:: Dataset records ::

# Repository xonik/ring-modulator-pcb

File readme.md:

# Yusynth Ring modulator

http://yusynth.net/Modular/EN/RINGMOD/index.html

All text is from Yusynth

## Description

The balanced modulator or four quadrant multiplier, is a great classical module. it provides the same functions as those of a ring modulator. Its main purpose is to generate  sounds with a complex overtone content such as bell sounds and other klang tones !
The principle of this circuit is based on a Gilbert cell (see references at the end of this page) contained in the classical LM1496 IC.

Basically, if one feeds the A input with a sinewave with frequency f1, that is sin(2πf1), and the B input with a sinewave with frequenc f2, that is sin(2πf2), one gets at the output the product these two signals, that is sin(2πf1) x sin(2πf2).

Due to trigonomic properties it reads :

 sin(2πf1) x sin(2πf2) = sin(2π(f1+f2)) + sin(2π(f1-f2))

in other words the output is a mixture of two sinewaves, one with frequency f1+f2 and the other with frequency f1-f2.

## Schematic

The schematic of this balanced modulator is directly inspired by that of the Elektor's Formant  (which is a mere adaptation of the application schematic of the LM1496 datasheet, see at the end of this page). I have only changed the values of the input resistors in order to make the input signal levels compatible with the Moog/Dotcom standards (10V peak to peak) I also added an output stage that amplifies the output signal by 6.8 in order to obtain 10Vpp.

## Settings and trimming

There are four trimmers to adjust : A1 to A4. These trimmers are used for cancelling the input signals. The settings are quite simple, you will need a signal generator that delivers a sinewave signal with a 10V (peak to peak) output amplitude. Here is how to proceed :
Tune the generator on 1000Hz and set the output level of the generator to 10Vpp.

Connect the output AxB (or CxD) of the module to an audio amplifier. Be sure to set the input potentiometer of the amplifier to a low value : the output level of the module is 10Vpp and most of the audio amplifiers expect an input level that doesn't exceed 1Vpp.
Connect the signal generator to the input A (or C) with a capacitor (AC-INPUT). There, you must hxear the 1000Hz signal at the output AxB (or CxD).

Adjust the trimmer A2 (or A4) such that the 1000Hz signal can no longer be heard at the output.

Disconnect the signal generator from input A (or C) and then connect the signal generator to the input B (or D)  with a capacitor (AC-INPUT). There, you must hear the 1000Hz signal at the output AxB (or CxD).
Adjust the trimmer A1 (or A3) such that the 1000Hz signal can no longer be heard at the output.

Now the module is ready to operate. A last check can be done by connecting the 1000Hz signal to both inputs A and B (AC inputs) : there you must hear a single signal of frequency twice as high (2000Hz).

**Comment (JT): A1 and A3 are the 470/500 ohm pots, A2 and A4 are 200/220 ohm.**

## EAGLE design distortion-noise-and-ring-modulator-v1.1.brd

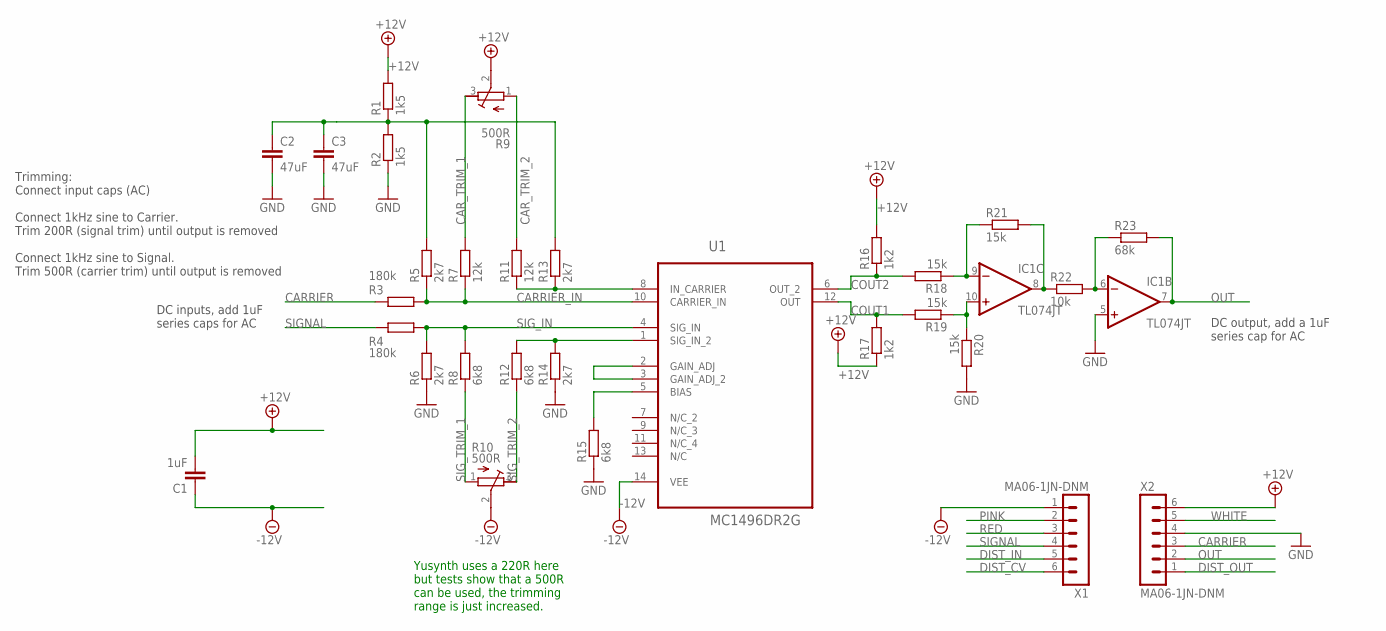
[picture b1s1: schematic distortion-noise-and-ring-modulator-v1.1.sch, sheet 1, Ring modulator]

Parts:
C1: 1uF; C0402-J
C2, C3: 47uF; C1206
IC1: TL074JT; TSSOP14J
R1, R2: 1k5; R0402
R3, R4: 180k; R0402
R5, R6, R13, R14: 2k7; R0603
R7, R11: 12k; R0402
R8, R12, R15: 6k8; R0603
R9, R10: 500R; RTRIM3296X
R16, R17: 1k2; R0603
R18, R19, R20, R21: 15k; R0402
R22: 10k; R0402
R23: 68k; R0603
U1: MC1496DR2G; SOIC127P600X175-14N
X1, X2: MA06-1JN-DNM; MA06N-1J

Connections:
+12V: C1.2, R1.2, R9.2 (S), R16.2, R17.1, X2.6; also elsewhere on the board
-12V: C1.1, R10.2 (S), U1.14 (VEE), X1.1; also elsewhere on the board
CARRIER: R3.1, X2.3
CARRIER_IN: R3.2, R5.1, R7.1, U1.10 (CARRIER_IN)
CAR_TRIM_1: R7.2, R9.3 (E)
CAR_TRIM_2: R9.1 (A), R11.2
COUT1: R17.2, R19.2, U1.12 (OUT)
COUT2: R16.1, R18.2, U1.6 (OUT_2)
DIST_CV: X1.6; also elsewhere on the board
DIST_IN: X1.5; also elsewhere on the board
DIST_OUT: X2.1; also elsewhere on the board
GND: C2.2, C3.2, IC1.5 (+IN), R2.1, R6.1, R14.1, R15.1, R20.2, X2.4; also elsewhere on the board
unnamed: R12.2, R14.2, U1.1 (SIG_IN_2)
unnamed: R11.1, R13.1, U1.8 (IN_CARRIER)
unnamed: C2.1, C3.1, R1.1, R2.2, R5.2, R13.2
unnamed: R15.2, U1.5 (BIAS)
unnamed: U1.2 (GAIN_ADJ), U1.3 (GAIN_ADJ_2)
unnamed: IC1.10 (+IN), R19.1, R20.1
unnamed: IC1.9 (-IN), R18.1, R21.1
unnamed: IC1.8 (OUT), R21.2, R22.1
unnamed: IC1.6 (-IN), R22.2, R23.1
OUT: IC1.7 (OUT), R23.2, X2.2
PINK: X1.2; also elsewhere on the board
RED: X1.3; also elsewhere on the board
SIGNAL: R4.1, X1.4
SIG_IN: R4.2, R6.2, R8.2, U1.4 (SIG_IN)
SIG_TRIM_1: R8.1, R10.1 (A)
SIG_TRIM_2: R10.3 (E), R12.1
WHITE: X2.5; also elsewhere on the board

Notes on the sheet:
DC inputs, add 1uF series caps for AC
DC output, add a 1uF series cap for AC
Trimming: Connect input caps (AC) Connect 1kHz sine to Carrier. Trim 200R (signal trim) until output is removed Connect 1kHz sine to Signal. Trim 500R (carrier trim) until output is removed
Yusynth uses a 220R here but tests show that a 500R can be used, the trimming range is just increased.

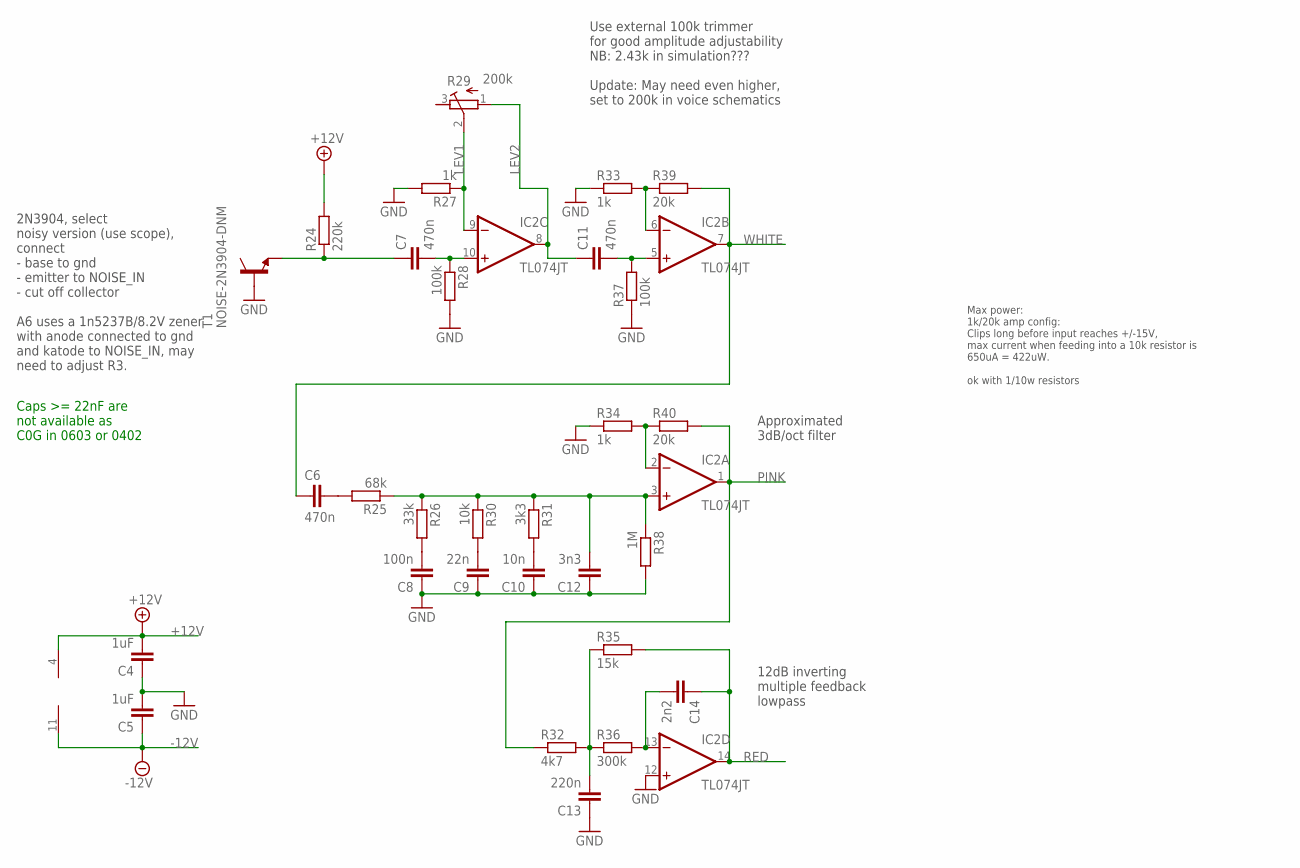
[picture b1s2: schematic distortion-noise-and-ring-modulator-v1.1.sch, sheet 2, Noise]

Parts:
C4, C5: 1uF; C0402-J
C6, C7, C11: 470n; C0603-J
C8: 100n; C0402-J
C9: 22n; C0402-J
C10: 10n; C0402-J
C12: 3n3; C0603-J
C13: 220n; C0402-J
C14: 2n2; C0603-J
IC2: TL074JT; TSSOP14J
R24: 220k; R0603
R25: 68k; R0603
R26: 33k; R0402
R27, R33, R34: 1k; R0402
R28, R37: 100k; R0402
R29: 200k; RTRIM3296W
R30: 10k; R0402
R31: 3k3; R0402
R32: 4k7; R0402
R35: 15k; R0402
R36: 300k; R0603
R38: 1M; R0402
R39, R40: 20k; R0402
T1: NOISE-2N3904-DNM; NOISE-2N3904-J

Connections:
+12V: C4.2, IC2.4 (V+), R24.2; also elsewhere on the board
-12V: C5.1, IC2.11 (V-); also elsewhere on the board
GND: C4.1, C5.2, C8.1, C9.1, C10.1, C12.1, C13.1, IC2.12 (+IN), R27.2, R28.2, R33.1, R34.1, R37.1, R38.2, T1.B; also elsewhere on the board
LEV1: IC2.9 (-IN), R27.1, R29.2 (S)
LEV2: C11.1, IC2.8 (OUT), R29.1 (A)
unnamed: IC2.2 (-IN), R34.2, R40.1
unnamed: IC2.6 (-IN), R33.2, R39.1
unnamed: C8.2, R26.2
unnamed: C9.2, R30.2
unnamed: C10.2, R31.2
unnamed: C7.1, R24.1, T1.E
unnamed: C7.2, IC2.10 (+IN), R28.1
unnamed: C11.2, IC2.5 (+IN), R37.2
unnamed: C12.2, IC2.3 (+IN), R25.1, R26.1, R30.1, R31.1, R38.1
unnamed: C6.2, R25.2
unnamed: C13.2, R32.2, R35.1, R36.1
unnamed: C14.2, IC2.13 (-IN), R36.2
PINK: IC2.1 (OUT), R32.1, R40.2; also elsewhere on the board
RED: C14.1, IC2.14 (OUT), R35.2; also elsewhere on the board
WHITE: C6.1, IC2.7 (OUT), R39.2; also elsewhere on the board

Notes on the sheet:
Use external 100k trimmer for good amplitude adjustability NB: 2.43k in simulation??? Update: May need even higher, set to 200k in voice schematics
Approximated 3dB/oct filter
12dB inverting multiple feedback lowpass
2N3904, select noisy version (use scope), connect - base to gnd - emitter to NOISE_IN - cut off collector A6 uses a 1n5237B/8.2V zener with anode connected to gnd and katode to NOISE_IN, may need to adjust R3.
Max power: 1k/20k amp config: Clips long before input reaches +/-15V, max current when feeding into a 10k resistor is 650uA = 422uW. ok with 1/10w resistors
Caps >= 22nF are not available as C0G in 0603 or 0402

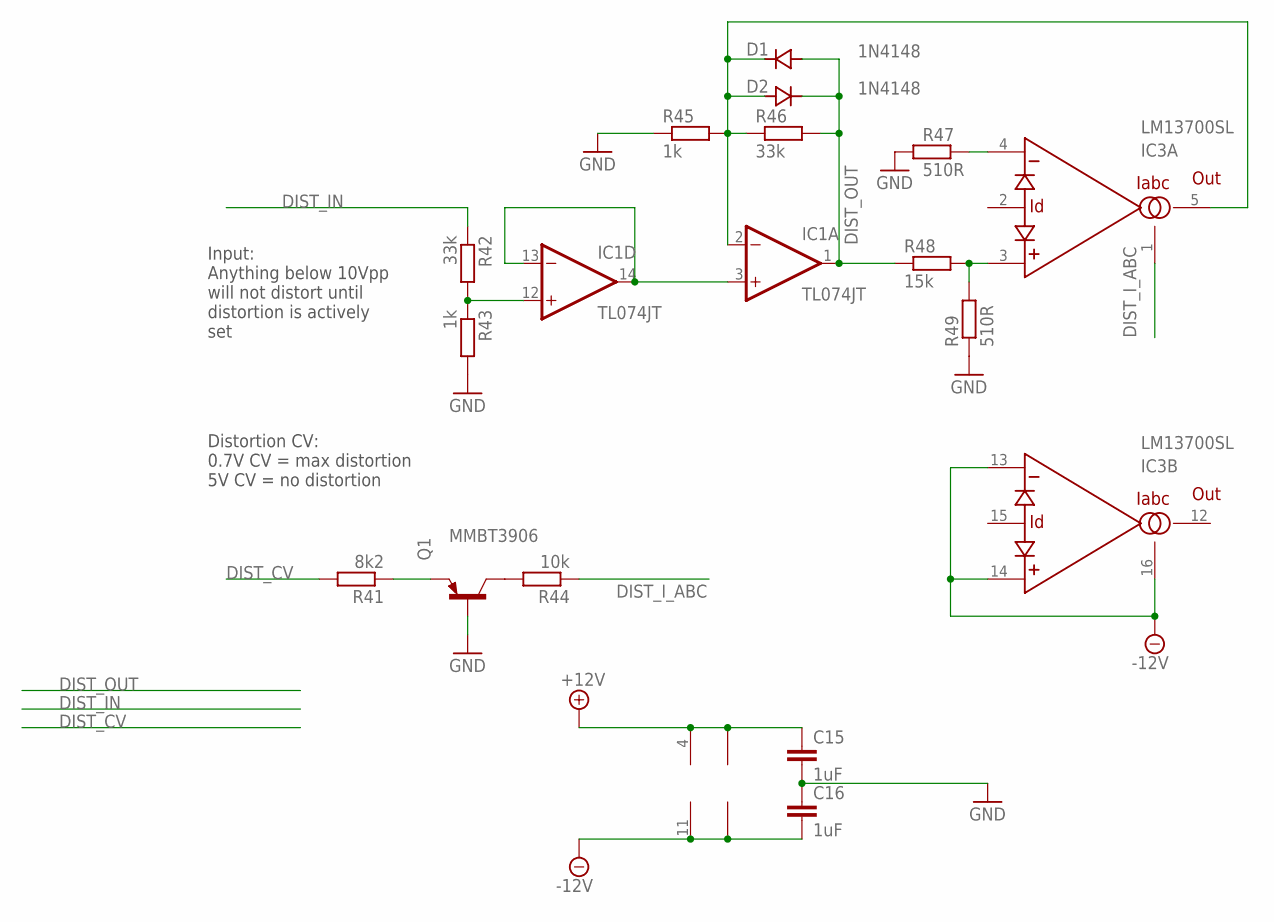
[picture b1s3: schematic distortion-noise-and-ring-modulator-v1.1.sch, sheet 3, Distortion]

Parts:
C15, C16: 1uF; C0402-J
D1, D2: 1N4148; SOD323J
IC1: TL074JT; TSSOP14J
IC3: LM13700SL; SO16-NARROW-J
Q1: MMBT3906; SOT23-BEC
R41: 8k2; R0603
R42, R46: 33k; R0402
R43, R45: 1k; R0402
R44: 10k; R0402
R47, R49: 510R; R0402
R48: 15k; R0402

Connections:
+12V: C15.1, IC1.4 (V+), IC3.11 (V+); also elsewhere on the board
-12V: C16.2, IC1.11 (V-), IC3.6 (V-), IC3.13 (-IN), IC3.14 (+IN), IC3.16 (IABC); also elsewhere on the board
DIST_CV: R41.2; also elsewhere on the board
DIST_IN: R42.1; also elsewhere on the board
DIST_I_ABC: IC3.1 (IABC), R44.1
DIST_OUT: D1.2 (A), D2.1 (C), IC1.1 (OUT), R46.2, R48.1; also elsewhere on the board
GND: C15.2, C16.1, Q1.B, R43.2, R45.1, R47.1, R49.1; also elsewhere on the board
unnamed: IC1.12 (+IN), R42.2, R43.1
unnamed: IC1.3 (+IN), IC1.13 (-IN), IC1.14 (OUT)
unnamed: D1.1 (C), D2.2 (A), IC1.2 (-IN), IC3.5 (OUT), R45.2, R46.1
unnamed: IC3.4 (-IN), R47.2
unnamed: IC3.3 (+IN), R48.2, R49.2
unnamed: Q1.E, R41.1
unnamed: Q1.C, R44.2

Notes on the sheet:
Distortion CV: 0.7V CV = max distortion 5V CV = no distortion
Input: Anything below 10Vpp will not distort until distortion is actively set

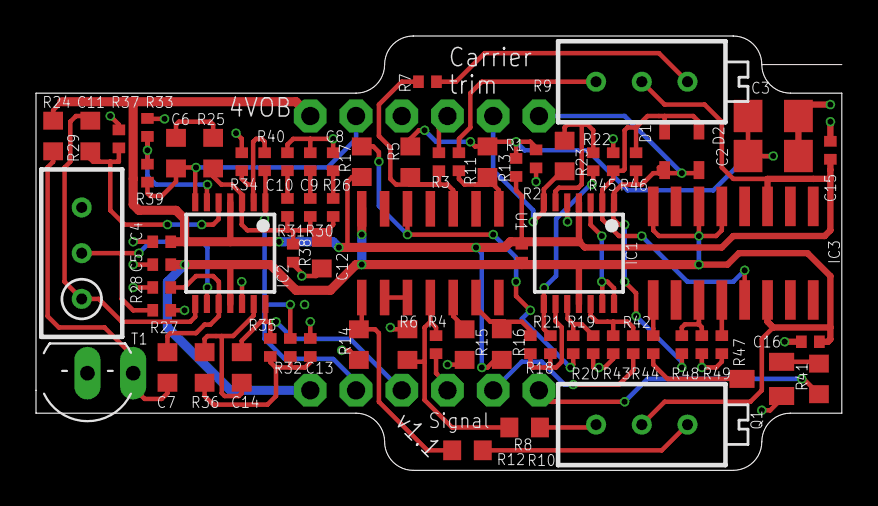
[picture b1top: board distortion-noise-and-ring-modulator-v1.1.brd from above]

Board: 2 copper layers, 44.8 x 24.1 mm, 75 parts (0 on the bottom side), 51 nets.

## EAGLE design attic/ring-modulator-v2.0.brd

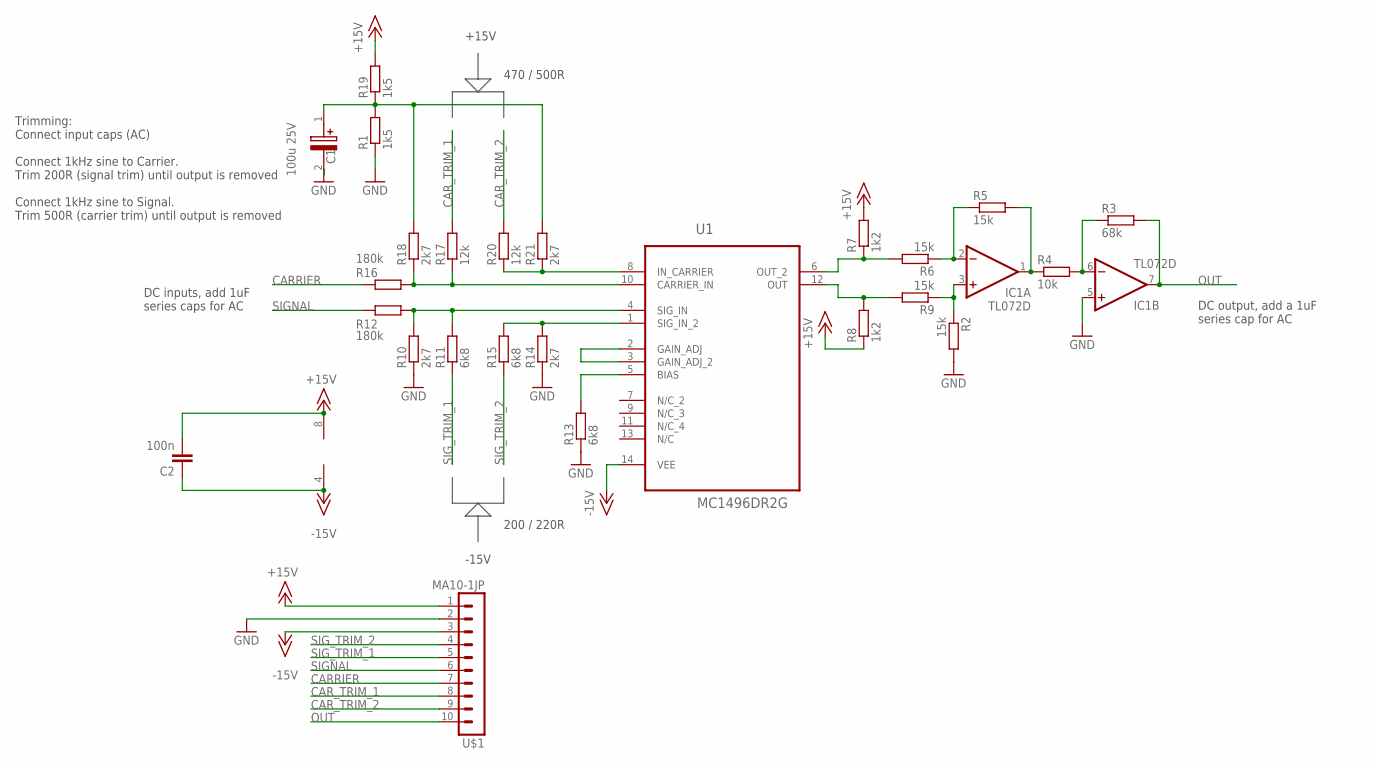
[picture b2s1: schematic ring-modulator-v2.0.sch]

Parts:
C1: 100u 25V; CAPAE660X610N
C2: 100n; C0603
IC1: TL072D; SO08J
R1, R19: 1k5; R0805
R2, R5, R6, R9: 15k; R0805
R3: 68k; R0805
R4: 10k; R0805
R7, R8: 1k2; R0805
R10, R14, R18, R21: 2k7; R0805
R11, R13, R15: 6k8; R0805
R12, R16: 180k; R0805
R17, R20: 12k; R0805
U1: MC1496DR2G; SOIC127P600X175-14N
U$1: MA10-1JP; SIP-PIN10-1J

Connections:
+15V: C2.2, IC1.8 (V+), R7.2, R8.1, R19.2, U$1.1
-15V: C2.1, IC1.4 (V-), U1.14 (VEE), U$1.3
CARRIER: R16.1, U$1.7
CAR_TRIM_1: R17.2, U$1.8
CAR_TRIM_2: R20.2, U$1.9
GND: C1.2 (-), IC1.5 (+IN), R1.1, R2.2, R10.1, R13.1, R14.1, U$1.2
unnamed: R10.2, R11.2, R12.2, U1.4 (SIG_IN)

:::

## [Exercise brief]
Begin at the first line of the records above and quote every line verbatim through the one that contains "Tune the generator".

## [Problem solution]
# Repository xonik/ring-modulator-pcb

File readme.md:

# Yusynth Ring modulator

http://yusynth.net/Modular/EN/RINGMOD/index.html

All text is from Yusynth

## Description

The balanced modulator or four quadrant multiplier, is a great classical module. it provides the same functions as those of a ring modulator. Its main purpose is to generate  sounds with a complex overtone content such as bell sounds and other klang tones !
The principle of this circuit is based on a Gilbert cell (see references at the end of this page) contained in the classical LM1496 IC.

Basically, if one feeds the A input with a sinewave with frequency f1, that is sin(2πf1), and the B input with a sinewave with frequenc f2, that is sin(2πf2), one gets at the output the product these two signals, that is sin(2πf1) x sin(2πf2).

Due to trigonomic properties it reads :

 sin(2πf1) x sin(2πf2) = sin(2π(f1+f2)) + sin(2π(f1-f2))

in other words the output is a mixture of two sinewaves, one with frequency f1+f2 and the other with frequency f1-f2.

## Schematic

The schematic of this balanced modulator is directly inspired by that of the Elektor's Formant  (which is a mere adaptation of the application schematic of the LM1496 datasheet, see at the end of this page). I have only changed the values of the input resistors in order to make the input signal levels compatible with the Moog/Dotcom standards (10V peak to peak) I also added an output stage that amplifies the output signal by 6.8 in order to obtain 10Vpp.

## Settings and trimming

There are four trimmers to adjust : A1 to A4. These trimmers are used for cancelling the input signals. The settings are quite simple, you will need a signal generator that delivers a sinewave signal with a 10V (peak to peak) output amplitude. Here is how to proceed :
Tune the generator on 1000Hz and set the output level of the generator to 10Vpp.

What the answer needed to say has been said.